Fibrosclerotic organ diseases, a major cause of morbidity and mortality in the Western world, involve tissues as diverse as the liver, kidney, heart, lung, skin, and intestine. The causes of these diseases are manifold, and specific noxae are implicated in different settings. Nevertheless, most (if not all) of these conditions share common pathogenetic grounds, such as being characterised by derangement of the tissue “wound healing” response. The ability of tissues to respond to injury has evolved to neutralise infectious agents and to limit parenchymal cell damage. The wound healing response comprises recruitment of inflammatory cells, deposition and remodelling of extracellular matrix, and regeneration (or an attempt thereof) of parenchymal cells. The ultimate outcome of this process is dependent on the duration of damage, and on the ability of parenchymal cells of specific tissues to reconstitute the original architecture.
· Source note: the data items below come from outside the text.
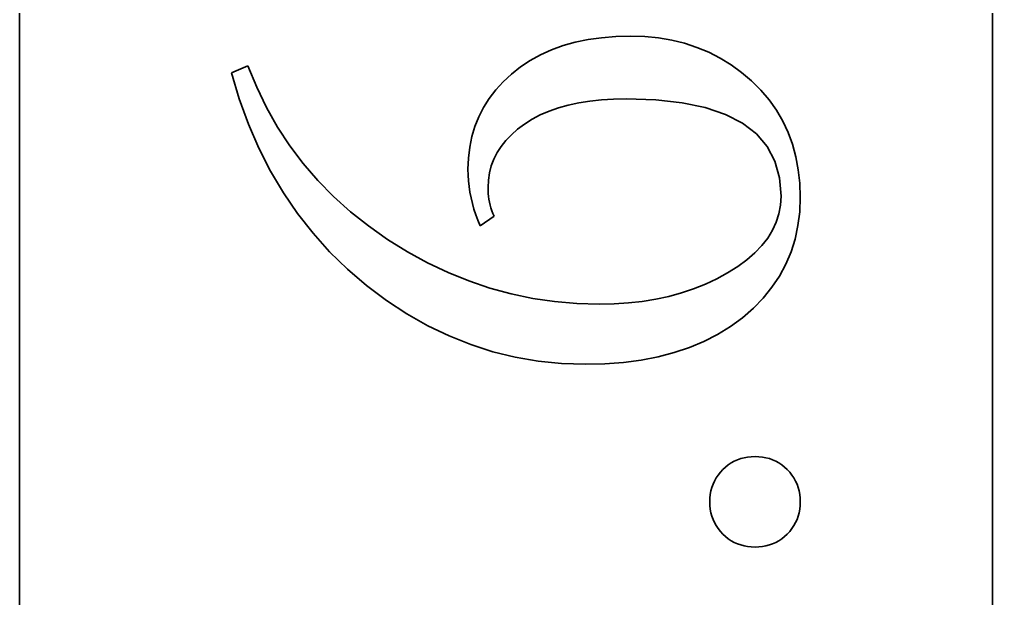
# Model space of a CAD drawing. Header units: millimetres. Extents: x -148 to 148, y -105 to 105.
# Drawn here: x -89.469 to -86.469, y -18.147 to -16.363 of the extents above; entities that cross this region are included whole.
import ezdxf

# ---------------------------------------------------------------- set-up
doc = ezdxf.new("R2010")
doc.units = ezdxf.units.MM
doc.layers.add('粗实线层', color=7, linetype='Continuous', lineweight=35)

msp = doc.modelspace()

# ---------------------------------------------------------------- linework, layer by layer
at = {"layer": '粗实线层', "color": 7, "lineweight": 35, "ltscale": 0.29}
for p, q in [((-89.4692, -25.1116), (-89.4692, -13.5116)), ((-86.4692, -13.5116), (-86.4692, -25.1116))]:
    msp.add_line(p, q, dxfattribs=at)
at = {"layer": '粗实线层', "color": 7, "lineweight": 35, "ltscale": 0.000979253}
msp.add_line((-87.7934, -16.4436), (-87.7557, -16.4331), dxfattribs=at)
at = {"layer": '粗实线层', "color": 7, "lineweight": 35, "ltscale": 0.001014}
msp.add_line((-87.7557, -16.4331), (-87.716, -16.4249), dxfattribs=at)
at = {"layer": '粗实线层', "color": 7, "lineweight": 35, "ltscale": 0.001053}
msp.add_line((-87.716, -16.4249), (-87.6743, -16.4191), dxfattribs=at)
at = {"layer": '粗实线层', "color": 7, "lineweight": 35, "ltscale": 0.001095}
for p, q in [((-87.6743, -16.4191), (-87.6306, -16.4156)), ((-87.5849, -16.4144), (-87.5411, -16.4158))]:
    msp.add_line(p, q, dxfattribs=at)
at = {"layer": '粗实线层', "color": 7, "lineweight": 35, "ltscale": 0.001142}
msp.add_line((-87.6306, -16.4156), (-87.5849, -16.4144), dxfattribs=at)
at = {"layer": '粗实线层', "color": 7, "lineweight": 35, "ltscale": 0.001064}
msp.add_line((-87.5411, -16.4158), (-87.4988, -16.4199), dxfattribs=at)
at = {"layer": '粗实线层', "color": 7, "lineweight": 35, "ltscale": 0.001037}
msp.add_line((-87.4988, -16.4199), (-87.4579, -16.4268), dxfattribs=at)
at = {"layer": '粗实线层', "color": 7, "lineweight": 35, "ltscale": 0.001015}
for p, q in [((-87.4579, -16.4268), (-87.4185, -16.4365)), ((-87.0755, -16.7859), (-87.068, -16.8258))]:
    msp.add_line(p, q, dxfattribs=at)
at = {"layer": '粗实线层', "color": 7, "lineweight": 35, "ltscale": 0.000999808}
msp.add_line((-87.4185, -16.4365), (-87.3804, -16.4489), dxfattribs=at)
at = {"layer": '粗实线层', "color": 7, "lineweight": 35, "ltscale": 0.000925362}
msp.add_line((-87.863, -16.4716), (-87.8292, -16.4564), dxfattribs=at)
at = {"layer": '粗实线层', "color": 7, "lineweight": 35, "ltscale": 0.000949617}
msp.add_line((-87.8292, -16.4564), (-87.7934, -16.4436), dxfattribs=at)
at = {"layer": '粗实线层', "color": 7, "lineweight": 35, "ltscale": 0.000989401}
msp.add_line((-87.3804, -16.4489), (-87.3439, -16.4641), dxfattribs=at)
at = {"layer": '粗实线层', "color": 7, "lineweight": 35, "ltscale": 0.00098593}
msp.add_line((-87.3439, -16.4641), (-87.3088, -16.4821), dxfattribs=at)
at = {"layer": '粗实线层', "color": 7, "lineweight": 35, "ltscale": 0.000894862}
msp.add_line((-87.9245, -16.5089), (-87.8947, -16.4891), dxfattribs=at)
at = {"layer": '粗实线层', "color": 7, "lineweight": 35, "ltscale": 0.00090677}
msp.add_line((-87.8947, -16.4891), (-87.863, -16.4716), dxfattribs=at)
at = {"layer": '粗实线层', "color": 7, "lineweight": 35, "ltscale": 0.000987766}
msp.add_line((-87.3088, -16.4821), (-87.2751, -16.5028), dxfattribs=at)
at = {"layer": '粗实线层', "color": 7, "lineweight": 35, "ltscale": 0.001382}
msp.add_line((-88.8159, -16.527), (-88.7649, -16.5056), dxfattribs=at)
at = {"layer": '粗实线层', "color": 7, "lineweight": 35, "ltscale": 0.002113}
msp.add_line((-88.7914, -16.6079), (-88.8159, -16.527), dxfattribs=at)
at = {"layer": '粗实线层', "color": 7, "lineweight": 35, "ltscale": 0.001775}
msp.add_line((-88.7649, -16.5056), (-88.7379, -16.5713), dxfattribs=at)
at = {"layer": '粗实线层', "color": 7, "lineweight": 35, "ltscale": 0.000888988}
msp.add_line((-87.9523, -16.5311), (-87.9245, -16.5089), dxfattribs=at)
at = {"layer": '粗实线层', "color": 7, "lineweight": 35, "ltscale": 0.000996454}
msp.add_line((-87.2751, -16.5028), (-87.2429, -16.5263), dxfattribs=at)
at = {"layer": '粗实线层', "color": 7, "lineweight": 35, "ltscale": 0.001011}
msp.add_line((-87.2429, -16.5263), (-87.2122, -16.5525), dxfattribs=at)
at = {"layer": '粗实线层', "color": 7, "lineweight": 35, "ltscale": 0.000848399}
msp.add_line((-88.0006, -16.5801), (-87.9778, -16.555), dxfattribs=at)
at = {"layer": '粗实线层', "color": 7, "lineweight": 35, "ltscale": 0.000873981}
msp.add_line((-87.9778, -16.555), (-87.9523, -16.5311), dxfattribs=at)
at = {"layer": '粗实线层', "color": 7, "lineweight": 35, "ltscale": 0.001007}
msp.add_line((-87.2122, -16.5525), (-87.1836, -16.5809), dxfattribs=at)
at = {"layer": '粗实线层', "color": 7, "lineweight": 35, "ltscale": 0.00175}
msp.add_line((-88.7379, -16.5713), (-88.7073, -16.6342), dxfattribs=at)
at = {"layer": '粗实线层', "color": 7, "lineweight": 35, "ltscale": 0.000828582}
msp.add_line((-88.0207, -16.6065), (-88.0006, -16.5801), dxfattribs=at)
at = {"layer": '粗实线层', "color": 7, "lineweight": 35, "ltscale": 0.000986213}
msp.add_line((-87.1836, -16.5809), (-87.1581, -16.611), dxfattribs=at)
at = {"layer": '粗实线层', "color": 7, "lineweight": 35, "ltscale": 0.002062}
msp.add_line((-88.7631, -16.6854), (-88.7914, -16.6079), dxfattribs=at)
at = {"layer": '粗实线层', "color": 7, "lineweight": 35, "ltscale": 0.000815114}
msp.add_line((-88.0381, -16.634), (-88.0207, -16.6065), dxfattribs=at)
at = {"layer": '粗实线层', "color": 7, "lineweight": 35, "ltscale": 0.000825217}
msp.add_line((-87.7451, -16.6199), (-87.7773, -16.6269), dxfattribs=at)
at = {"layer": '粗实线层', "color": 7, "lineweight": 35, "ltscale": 0.000861479}
msp.add_line((-87.7111, -16.6145), (-87.7451, -16.6199), dxfattribs=at)
at = {"layer": '粗实线层', "color": 7, "lineweight": 35, "ltscale": 0.000900199}
msp.add_line((-87.6753, -16.6106), (-87.7111, -16.6145), dxfattribs=at)
at = {"layer": '粗实线层', "color": 7, "lineweight": 35, "ltscale": 0.000941371}
msp.add_line((-87.6377, -16.6083), (-87.6753, -16.6106), dxfattribs=at)
at = {"layer": '粗实线层', "color": 7, "lineweight": 35, "ltscale": 0.000983621}
msp.add_line((-87.5983, -16.6075), (-87.6377, -16.6083), dxfattribs=at)
at = {"layer": '粗实线层', "color": 7, "lineweight": 35, "ltscale": 0.002269}
msp.add_line((-87.5076, -16.6105), (-87.5983, -16.6075), dxfattribs=at)
at = {"layer": '粗实线层', "color": 7, "lineweight": 35, "ltscale": 0.002041}
msp.add_line((-87.4265, -16.6195), (-87.5076, -16.6105), dxfattribs=at)
at = {"layer": '粗实线层', "color": 7, "lineweight": 35, "ltscale": 0.001829}
msp.add_line((-87.3549, -16.6345), (-87.4265, -16.6195), dxfattribs=at)
at = {"layer": '粗实线层', "color": 7, "lineweight": 35, "ltscale": 0.000972466}
msp.add_line((-87.1581, -16.611), (-87.1356, -16.6427), dxfattribs=at)
at = {"layer": '粗实线层', "color": 7, "lineweight": 35, "ltscale": 0.001732}
msp.add_line((-88.7073, -16.6342), (-88.6732, -16.6945), dxfattribs=at)
at = {"layer": '粗实线层', "color": 7, "lineweight": 35, "ltscale": 0.000808168}
msp.add_line((-88.0529, -16.6628), (-88.0381, -16.634), dxfattribs=at)
at = {"layer": '粗实线层', "color": 7, "lineweight": 35, "ltscale": 0.000734091}
msp.add_line((-87.8366, -16.6456), (-87.8635, -16.6572), dxfattribs=at)
at = {"layer": '粗实线层', "color": 7, "lineweight": 35, "ltscale": 0.000761109}
msp.add_line((-87.8078, -16.6355), (-87.8366, -16.6456), dxfattribs=at)
at = {"layer": '粗实线层', "color": 7, "lineweight": 35, "ltscale": 0.000791967}
msp.add_line((-87.7773, -16.6269), (-87.8078, -16.6355), dxfattribs=at)
at = {"layer": '粗实线层', "color": 7, "lineweight": 35, "ltscale": 0.001638}
msp.add_line((-87.2928, -16.6555), (-87.3549, -16.6345), dxfattribs=at)
at = {"layer": '粗实线层', "color": 7, "lineweight": 35, "ltscale": 0.000966166}
msp.add_line((-87.1356, -16.6427), (-87.1161, -16.6761), dxfattribs=at)
at = {"layer": '粗实线层', "color": 7, "lineweight": 35, "ltscale": 0.000807687}
msp.add_line((-88.065, -16.6928), (-88.0529, -16.6628), dxfattribs=at)
at = {"layer": '粗实线层', "color": 7, "lineweight": 35, "ltscale": 0.000692044}
msp.add_line((-87.8887, -16.6705), (-87.9121, -16.6852), dxfattribs=at)
at = {"layer": '粗实线层', "color": 7, "lineweight": 35, "ltscale": 0.000711277}
msp.add_line((-87.8635, -16.6572), (-87.8887, -16.6705), dxfattribs=at)
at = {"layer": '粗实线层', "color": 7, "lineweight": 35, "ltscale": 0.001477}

Thus chronic damage is often characterised by simultaneous and uncoordinated activation of all components of the wound healing response, resulting in chronic inflammation, destruction of the parenchyma, and progressive scarring. Chronic pancreatitis is a typical example of the transferability of these concepts to the clinical field. In response to several causes, most frequently alcohol abuse, metabolic abnormalities, or autoimmunity, damage to acinar cells leads to chronic inflammation, eventually resulting in substitution of pancreatic parenchyma with bundles of scar tissue and loss of function.1

The contribution of inflammation to the development of fibrosis varies in different conditions, and understanding the interaction between these processes is relevant to devise therapeutic strategies for chronic diseases such as pancreatitis. Identification of the chemokine system has elucidated the molecular mechanisms regulating leucocyte trafficking in a given tissue. Chemokines are a family of small cytokines …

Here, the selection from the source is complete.